We design our framework based on these criteria. The ML expert starts the process by generating time series with GAN. The evaluation framework is then used to check whether the GAN model and the generated data fulfill the desired requirements. If this is the case, the ML expert has succeeded to generate realistic data and can stop the generation process. Otherwise he or she will have to rerun the GAN model with different parameters and repeat the investigations in the framework. It should be noted that an online evaluation is also possible, i.e. the framework can be used during the training process. As the training process can take up to several days, our approach may help to save valuable time by making sure during the training that the GAN model is going in the right direction or restart the training process if an unexpected behavior is detected. The proposed workflow is depicted in Fig. 1.
Evaluation Framework Description
Our proposed approach is characterized by two views: a GAN Iteration View that gives the user a general impression about the behavior of GAN over the iterations of the generation process and a Detailed Comparative View equipped with TimeHistograms , Colorfields  and line plots to further investigate particular time series selected by the user. The TimeHistogram displays the time-dependent distribution of all time series at a certain iteration. At the same time, the Colorfield visualization allows further investigation and exploration of a multitude of generated time series at a certain iteration and compares them to the real time series. Moreover, a direct comparison between specific time series is made possible using the line plots visualization. To get more insights about the properties of the data, a measure of similarity and a dimensionality reduction technique are used:
Similarity measures such as Euclidean Distance (ED) or Dynamic Time Warping (DTW) are used as pairwise distance between two time series.

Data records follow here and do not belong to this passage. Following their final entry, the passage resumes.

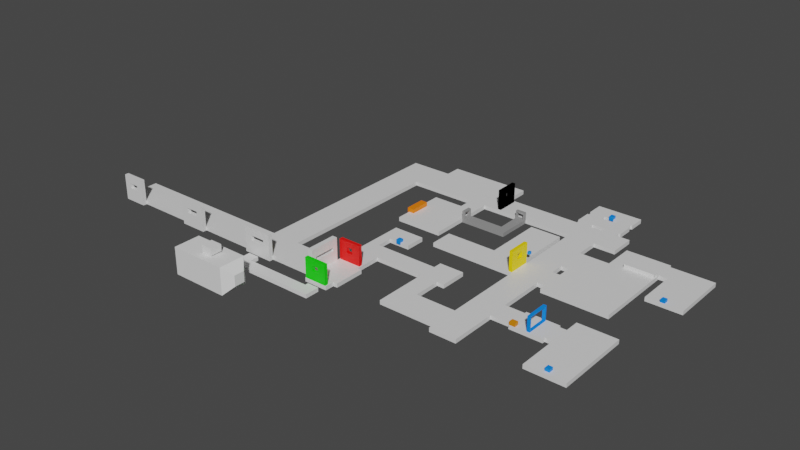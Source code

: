 # Source: LevelLayout.blend  (saved by Blender 3.0.42; exported with 4.5.12 LTS)
import bpy
from mathutils import Matrix  # noqa: F401  (used for matrix-valued properties, if any)

bpy.ops.wm.read_factory_settings(use_empty=True)
scene = bpy.context.scene
scene.name = 'Scene'

# ---- collections
col_collection = bpy.data.collections.new('Collection'); scene.collection.children.link(col_collection)

# ---- materials (node trees are filled in below, after node groups)
mat_material = bpy.data.materials.new('Material')
mat_material.alpha_threshold = 0.0
mat_material.use_transparent_shadow = False
mat_material.line_color = (0.0, 0.0, 0.0, 1.0)
mat_material_003 = bpy.data.materials.new('Material.003')
mat_material_003.use_transparent_shadow = False
mat_material_008 = bpy.data.materials.new('Material.008')
mat_material_008.use_transparent_shadow = False
mat_material_004 = bpy.data.materials.new('Material.004')
mat_material_004.use_transparent_shadow = False
mat_material_001 = bpy.data.materials.new('Material.001')
mat_material_001.use_transparent_shadow = False
mat_material_005 = bpy.data.materials.new('Material.005')
mat_material_005.use_transparent_shadow = False
mat_material_002 = bpy.data.materials.new('Material.002')
mat_material_002.use_transparent_shadow = False
mat_material_007 = bpy.data.materials.new('Material.007')
mat_material_007.use_transparent_shadow = False

# ---- material node trees
mat_material.use_nodes = True; mat_material.node_tree.nodes.clear()
_N = mat_material.node_tree.nodes; _L = mat_material.node_tree.links
n0 = _N.new('ShaderNodeOutputMaterial'); n0.name = 'Material Output'; n0.location = (300, 300)
n1 = _N.new('ShaderNodeBsdfPrincipled'); n1.name = 'Principled BSDF'; n1.location = (10, 300)
n1.distribution = 'GGX'
n1.subsurface_method = 'RANDOM_WALK_SKIN'
n1.inputs[2].default_value = 0.4
n1.inputs[3].default_value = 1.45
n1.inputs[27].default_value = (0.0, 0.0, 0.0, 1.0)
n1.inputs[28].default_value = 1.0
_L.new(n1.outputs[0], n0.inputs[0])
n0.is_active_output = True
mat_material_003.use_nodes = True; mat_material_003.node_tree.nodes.clear()
_N = mat_material_003.node_tree.nodes; _L = mat_material_003.node_tree.links
n0 = _N.new('ShaderNodeBsdfPrincipled'); n0.name = 'Principled BSDF'; n0.location = (10, 300)
n0.distribution = 'GGX'
n0.subsurface_method = 'RANDOM_WALK_SKIN'
n0.inputs[0].default_value = (0.3111, 0.3111, 0.3111, 1.0)
n0.inputs[3].default_value = 1.45
n0.inputs[27].default_value = (0.0, 0.0, 0.0, 1.0)
n0.inputs[28].default_value = 1.0
n1 = _N.new('ShaderNodeOutputMaterial'); n1.name = 'Material Output'; n1.location = (300, 300)
_L.new(n0.outputs[0], n1.inputs[0])
n1.is_active_output = True
mat_material_008.use_nodes = True; mat_material_008.node_tree.nodes.clear()
_N = mat_material_008.node_tree.nodes; _L = mat_material_008.node_tree.links
n0 = _N.new('ShaderNodeBsdfPrincipled'); n0.name = 'Principled BSDF'; n0.location = (10, 300)
n0.distribution = 'GGX'
n0.subsurface_method = 'RANDOM_WALK_SKIN'
n0.inputs[0].default_value = (1.0, 0.2114, 0.0, 1.0)
n0.inputs[3].default_value = 1.45
n0.inputs[27].default_value = (0.0, 0.0, 0.0, 1.0)
n0.inputs[28].default_value = 1.0
n1 = _N.new('ShaderNodeOutputMaterial'); n1.name = 'Material Output'; n1.location = (300, 300)
_L.new(n0.outputs[0], n1.inputs[0])
n1.is_active_output = True
mat_material_004.use_nodes = True; mat_material_004.node_tree.nodes.clear()
_N = mat_material_004.node_tree.nodes; _L = mat_material_004.node_tree.links
n0 = _N.new('ShaderNodeBsdfPrincipled'); n0.name = 'Principled BSDF'; n0.location = (10, 300)
n0.distribution = 'GGX'
n0.subsurface_method = 'RANDOM_WALK_SKIN'
n0.inputs[0].default_value = (1.0, 0.7391, 0.0, 1.0)
n0.inputs[3].default_value = 1.45
n0.inputs[27].default_value = (0.0, 0.0, 0.0, 1.0)
n0.inputs[28].default_value = 1.0
n1 = _N.new('ShaderNodeOutputMaterial'); n1.name = 'Material Output'; n1.location = (300, 300)
_L.new(n0.outputs[0], n1.inputs[0])
n1.is_active_output = True
mat_material_001.use_nodes = True; mat_material_001.node_tree.nodes.clear()
_N = mat_material_001.node_tree.nodes; _L = mat_material_001.node_tree.links
n0 = _N.new('ShaderNodeBsdfPrincipled'); n0.name = 'Principled BSDF'; n0.location = (10, 300)
n0.distribution = 'GGX'
n0.subsurface_method = 'RANDOM_WALK_SKIN'
n0.inputs[0].default_value = (1.0, 0.002628, 0.0, 1.0)
n0.inputs[3].default_value = 1.45
n0.inputs[27].default_value = (0.0, 0.0, 0.0, 1.0)
n0.inputs[28].default_value = 1.0
n1 = _N.new('ShaderNodeOutputMaterial'); n1.name = 'Material Output'; n1.location = (300, 300)
_L.new(n0.outputs[0], n1.inputs[0])
n1.is_active_output = True
mat_material_005.use_nodes = True; mat_material_005.node_tree.nodes.clear()
_N = mat_material_005.node_tree.nodes; _L = mat_material_005.node_tree.links
n0 = _N.new('ShaderNodeBsdfPrincipled'); n0.name = 'Principled BSDF'; n0.location = (10, 300)
n0.distribution = 'GGX'
n0.subsurface_method = 'RANDOM_WALK_SKIN'
n0.inputs[0].default_value = (0.006247, 0.7842, 0.0, 1.0)
n0.inputs[3].default_value = 1.45
n0.inputs[27].default_value = (0.0, 0.0, 0.0, 1.0)
n0.inputs[28].default_value = 1.0
n1 = _N.new('ShaderNodeOutputMaterial'); n1.name = 'Material Output'; n1.location = (300, 300)
_L.new(n0.outputs[0], n1.inputs[0])
n1.is_active_output = True
mat_material_002.use_nodes = True; mat_material_002.node_tree.nodes.clear()
_N = mat_material_002.node_tree.nodes; _L = mat_material_002.node_tree.links
n0 = _N.new('ShaderNodeBsdfPrincipled'); n0.name = 'Principled BSDF'; n0.location = (10, 300)
n0.distribution = 'GGX'
n0.subsurface_method = 'RANDOM_WALK_SKIN'
n0.inputs[0].default_value = (0.0, 0.2498, 1.0, 1.0)
n0.inputs[3].default_value = 1.45
n0.inputs[27].default_value = (0.0, 0.0, 0.0, 1.0)
n0.inputs[28].default_value = 1.0
n1 = _N.new('ShaderNodeOutputMaterial'); n1.name = 'Material Output'; n1.location = (300, 300)
_L.new(n0.outputs[0], n1.inputs[0])
n1.is_active_output = True
mat_material_007.use_nodes = True; mat_material_007.node_tree.nodes.clear()
_N = mat_material_007.node_tree.nodes; _L = mat_material_007.node_tree.links
n0 = _N.new('ShaderNodeBsdfPrincipled'); n0.name = 'Principled BSDF'; n0.location = (10, 300)
n0.distribution = 'GGX'
n0.subsurface_method = 'RANDOM_WALK_SKIN'
n0.inputs[0].default_value = (0.8, 0.2462, 0.0, 1.0)
n0.inputs[3].default_value = 1.45
n0.inputs[27].default_value = (0.0, 0.0, 0.0, 1.0)
n0.inputs[28].default_value = 1.0
n1 = _N.new('ShaderNodeOutputMaterial'); n1.name = 'Material Output'; n1.location = (300, 300)
_L.new(n0.outputs[0], n1.inputs[0])
n1.is_active_output = True

# ---- world
world_world = bpy.data.worlds.new('World'); scene.world = world_world
world_world.use_nodes = True; world_world.node_tree.nodes.clear()
_N = world_world.node_tree.nodes; _L = world_world.node_tree.links
n0 = _N.new('ShaderNodeOutputWorld'); n0.name = 'World Output'; n0.location = (300, 300)
n1 = _N.new('ShaderNodeBackground'); n1.name = 'Background'; n1.location = (10, 300)
n1.inputs[0].default_value = (0.05088, 0.05088, 0.05088, 1.0)
_L.new(n1.outputs[0], n0.inputs[0])
n0.is_active_output = True
world_world.color = (0.05088, 0.05088, 0.05088)
world_world.use_sun_shadow = False
world_world.sun_shadow_jitter_overblur = 0.0

# ---- meshes
me_cube = bpy.data.meshes.new('Cube')
me_cube.from_pydata([(4.233, 28.55, 4.997), (4.233, 28.55, 3.861), (2.238, -28.55, 7.667), (4.233, -28.55, 3.861), (-4.233, 28.55, 4.997), (-4.233, 28.55, 3.861), (-2.238, -28.55, 7.667), (-4.233, -28.55, 3.861), (4.233, 38.62, 3.861), (-4.233, 38.62, 3.861), (4.233, 38.62, 4.997), (-4.233, 38.62, 4.997), (23.48, 28.55, 4.997), (23.48, 28.55, 3.861), (23.48, 38.62, 4.997), (23.48, 38.62, 3.861), (7.807, 28.55, 3.861), (7.807, 28.55, 4.997), (7.807, 38.62, 4.997), (7.807, 38.62, 3.861), (23.48, 43.17, 4.997), (23.48, 43.17, 3.861), (7.807, 43.17, 4.997), (7.807, 43.17, 3.861), (28.16, 28.55, 4.997), (28.16, 28.55, 3.861), (28.16, 38.62, 4.997), (28.16, 38.62, 3.861), (28.16, 43.17, 4.997), (28.16, 43.17, 3.861), (23.48, 24.09, 4.997), (23.48, 24.09, 3.861), (28.16, 24.09, 4.997), (28.16, 24.09, 3.861), (23.48, 8.115, 4.997), (23.48, 8.115, 3.861), (28.16, 8.115, 4.997), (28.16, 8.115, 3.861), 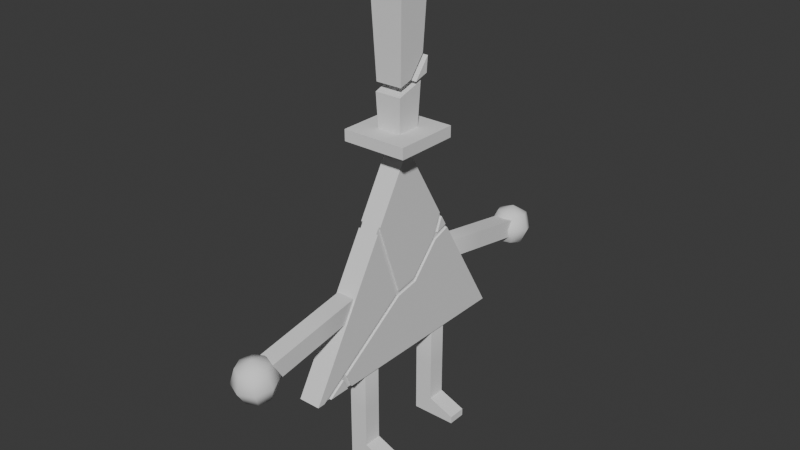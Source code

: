 # Source: bill_cipher.blend  (saved by Blender 4.2.66; exported with 4.5.12 LTS)
import bpy
from mathutils import Matrix  # noqa: F401  (used for matrix-valued properties, if any)

bpy.ops.wm.read_factory_settings(use_empty=True)
scene = bpy.context.scene
scene.name = 'Scene'

# ---- collections
col_collection = bpy.data.collections.new('Collection'); scene.collection.children.link(col_collection)

# ---- node groups
ng_smooth_by_angle = bpy.data.node_groups.new('Smooth by Angle', 'GeometryNodeTree')
_s = ng_smooth_by_angle.interface.new_socket(name='Mesh', in_out='OUTPUT', socket_type='NodeSocketGeometry')
_s = ng_smooth_by_angle.interface.new_socket(name='Mesh', in_out='INPUT', socket_type='NodeSocketGeometry')
_s = ng_smooth_by_angle.interface.new_socket(name='Angle', in_out='INPUT', socket_type='NodeSocketFloat')
_s.subtype = 'ANGLE'
_s.default_value = 0.5236
_s.min_value = 0.0
_s.max_value = 3.142
_s.description = 'Maximum face angle for smooth edges'
_s = ng_smooth_by_angle.interface.new_socket(name='Ignore Sharpness', in_out='INPUT', socket_type='NodeSocketBool')
_s.force_non_field = True
ng_smooth_by_angle.description = 'Set the sharpness of mesh edges based on the angle between the neighboring faces'
ng_smooth_by_angle.is_modifier = True
_N = ng_smooth_by_angle.nodes; _L = ng_smooth_by_angle.links
n0 = _N.new('GeometryNodeSetShadeSmooth'); n0.name = 'Set Shade Smooth'; n0.location = (120, -80)
n0.domain = 'EDGE'
n1 = _N.new('GeometryNodeSetShadeSmooth'); n1.name = 'Set Shade Smooth.001'; n1.location = (300, -80)
n2 = _N.new('NodeGroupOutput'); n2.name = 'Group Output'; n2.location = (480, -80)
n3 = _N.new('GeometryNodeInputMeshEdgeAngle'); n3.name = 'Edge Angle'; n3.location = (-440, -240)
n4 = _N.new('NodeGroupInput'); n4.name = 'Group Input'; n4.location = (-80, -80)
n5 = _N.new('GeometryNodeInputEdgeSmooth'); n5.name = 'Is Edge Smooth'; n5.location = (-260, -120)
n6 = _N.new('GeometryNodeInputShadeSmooth'); n6.name = 'Is Shade Smooth'; n6.location = (-440, -397)
n7 = _N.new('FunctionNodeCompare'); n7.name = 'Compare'; n7.location = (-260, -260)
n7.operation = 'LESS_EQUAL'
n7.inputs[6].default_value = (0.0, 0.0, 0.0, 0.0)
n7.inputs[7].default_value = (0.0, 0.0, 0.0, 0.0)
n8 = _N.new('FunctionNodeBooleanMath'); n8.name = 'Boolean Math.001'; n8.location = (-80, -260)
n9 = _N.new('NodeGroupInput'); n9.name = 'Group Input.001'; n9.location = (-440, -329)
n10 = _N.new('NodeGroupInput'); n10.name = 'Group Input.002'; n10.location = (-259, -189)
n11 = _N.new('FunctionNodeBooleanMath'); n11.name = 'Boolean Math'; n11.location = (-80, -149)
n11.operation = 'OR'
n12 = _N.new('FunctionNodeBooleanMath'); n12.name = 'Boolean Math.002'; n12.location = (-260, -380)
n12.operation = 'OR'
n13 = _N.new('NodeGroupInput'); n13.name = 'Group Input.003'; n13.location = (-440, -460)
_L.new(n3.outputs[0], n7.inputs[0])
_L.new(n1.outputs[0], n2.inputs[0])
_L.new(n9.outputs[1], n7.inputs[1])
_L.new(n7.outputs[0], n8.inputs[0])
_L.new(n4.outputs[0], n0.inputs[0])
_L.new(n0.outputs[0], n1.inputs[0])
_L.new(n8.outputs[0], n0.inputs[2])
_L.new(n10.outputs[2], n11.inputs[1])
_L.new(n5.outputs[0], n11.inputs[0])
_L.new(n11.outputs[0], n0.inputs[1])
_L.new(n13.outputs[2], n12.inputs[1])
_L.new(n6.outputs[0], n12.inputs[0])
_L.new(n12.outputs[0], n8.inputs[1])
n2.is_active_output = True

# ---- world
world_world = bpy.data.worlds.new('World'); scene.world = world_world
world_world.use_nodes = True; world_world.node_tree.nodes.clear()
_N = world_world.node_tree.nodes; _L = world_world.node_tree.links
n0 = _N.new('ShaderNodeOutputWorld'); n0.name = 'World Output'; n0.location = (300, 300)
n1 = _N.new('ShaderNodeBackground'); n1.name = 'Background'; n1.location = (10, 300)
n1.inputs[0].default_value = (0.05088, 0.05088, 0.05088, 1.0)
_L.new(n1.outputs[0], n0.inputs[0])
n0.is_active_output = True
world_world.color = (0.05088, 0.05088, 0.05088)
world_world.sun_shadow_jitter_overblur = 0.0

# ---- meshes
me_plane = bpy.data.meshes.new('Plane')
me_plane.from_pydata([(0.06, 0.0, 1.133), (0.06, -1.0, -0.5667), (0.06, 1.0, -0.5667), (0.06, 0.3875, 0.4746), (0.06, 0.413, 0.4312), (0.06, -0.8652, -0.5667), (0.06, -0.9362, -0.5667), (0.06, -0.1307, -0.0168), (0.06, -0.09889, -0.04352), (0.06, -0.0936, -0.001634), (0.06, 0.07802, 0.03315), (0.06, 0.09868, -0.003471), (0.06, 0.3398, 0.2589), (0.06, 0.3639, 0.3103), (0.06, 0.3112, 0.2868), (0.06, 0.4628, 0.3466), (0.06, 0.4834, 0.3116), (0.06, -0.6938, -0.4496), (0.06, -0.7301, -0.426), (0.06, -0.7273, -0.4725), (0.06, -0.6414, -0.5667), (0.06, -0.6852, -0.5667), (0.06, -0.3317, 0.5694), (0.06, -0.305, 0.6148), (0.05, -0.0936, -0.001634), (0.05, -0.1307, -0.0168), (0.05, -0.09889, -0.04352), (0.05, 0.3112, 0.2868), (0.05, 0.3398, 0.2589), (0.05, 0.3639, 0.3103), (0.05, -0.7273, -0.4725), (0.05, -0.6938, -0.4496), (0.05, -0.7301, -0.426), (0.05, 0.09868, -0.003471), (0.05, 0.07802, 0.03315), (0.05, 0.413, 0.4312), (0.05, 0.3875, 0.4746), (0.05, 0.4834, 0.3116), (0.05, 0.4628, 0.3466), (0.05, -0.9362, -0.5667), (0.05, -0.8652, -0.5667), (0.05, -0.6852, -0.5667), (0.05, -0.6414, -0.5667), (0.05, -0.305, 0.6148), (0.05, -0.3317, 0.5694), (-2.496e-07, 0.0, 1.133), (2.719e-07, -1.0, -0.5667), (3.725e-09, 1.0, -0.5667), (-1.602e-07, 0.3875, 0.4746), (-1.453e-07, 0.413, 0.4312), (2.421e-07, -0.8652, -0.5667), (2.57e-07, -0.9362, -0.5667), (-1.453e-07, 0.4628, 0.3466), (-1.304e-07, 0.4834, 0.3116), (2.123e-07, -0.6414, -0.5667), (2.272e-07, -0.6852, -0.5667), (-8.568e-08, -0.3317, 0.5694), (-1.006e-07, -0.305, 0.6148), (-1.49e-07, 0.413, 0.4312), (-1.639e-07, 0.3875, 0.4746), (-1.341e-07, 0.4834, 0.3116), (-1.341e-07, 0.4628, 0.3466), (2.533e-07, -0.9362, -0.5667), (2.533e-07, -0.8652, -0.5667), (2.235e-07, -0.6852, -0.5667), (2.235e-07, -0.6414, -0.5667), (-8.941e-08, -0.305, 0.6148), (-7.451e-08, -0.3317, 0.5694)], [], [(4, 13, 15), (7, 22, 1, 6, 18), (16, 12, 11, 8, 17, 20, 2), (21, 19, 5), (17, 8, 26, 31), (13, 4, 35, 29), (5, 19, 30, 40), (22, 7, 25, 44), (14, 10, 34, 27), (11, 12, 28, 33), (15, 13, 29, 38), (9, 23, 43, 24), (10, 9, 24, 34), (0, 23, 9, 10, 14, 3), (25, 26, 24), (28, 29, 27), (31, 32, 30), (31, 26, 25, 32), (26, 33, 34, 24), (33, 28, 27, 34), (29, 35, 36, 27), (28, 37, 38, 29), (40, 30, 32, 39), (30, 41, 42, 31), (24, 43, 44, 25), (18, 6, 39, 32), (7, 18, 32, 25), (19, 21, 41, 30), (3, 14, 27, 36), (8, 11, 33, 26), (12, 16, 37, 28), (20, 17, 31, 42), (0, 3, 48, 45), (2, 20, 54, 47), (21, 5, 50, 55), (1, 22, 56, 46), (23, 0, 45, 57), (16, 2, 47, 53), (6, 1, 46, 51), (4, 15, 52, 49), (35, 36, 59, 58), (41, 42, 65, 64), (40, 39, 62, 63), (37, 38, 61, 60), (44, 43, 66, 67)])
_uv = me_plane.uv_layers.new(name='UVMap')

Principal Component Analysis (PCA) is used to arrange similar time series close to each other and facilitate comparison.
GAN Iteration View
The view consists of two components, namely the incoming and outgoing nearest neighbor distances (see Fig. 2a). The Incoming Nearest Neighbor Distances (INND) represent for each generated time series the minimal distance to a real time series. The user can choose between ED and DTW as a distance measure. The evolution of these minima throughout the iterations is in this case shown. We repeat the same procedure calculating the minima of each real time series to all generated time series. This corresponds to the Outgoing Nearest Neighbor Distances (ONND). A PCA is applied to the real time series data to transform the data points of each time series into uncorrelated components. The real data are then sorted based on the first principal component. To make both the real and generated data comparable, the same transformation is applied to the generated data. A heatmap visualization is used to depict the incoming and outgoing minimal distances. The intensity of the color of each pixel highlights the value of the minimal distance. A dark pixel represents a high distance value, while a brighter pixel denotes a lower distance value. The nearest neighbor distances give an overview about the overall performance of GAN over the iterations and allow for different types of investigations:
Are the time series becoming more realistic with the iterations i.e. do the INND/ ONND become smaller?
Are INND / ONND reaching a stable behavior and indicating nearly constant values?
Is the variation in the real data representative for the generated data i.e. are all types of generated time series equally similar to the real data (INND) and are all real time series equally well represented by the different generated time series or do generated time series correspond to a limited number of real ones (ONND)?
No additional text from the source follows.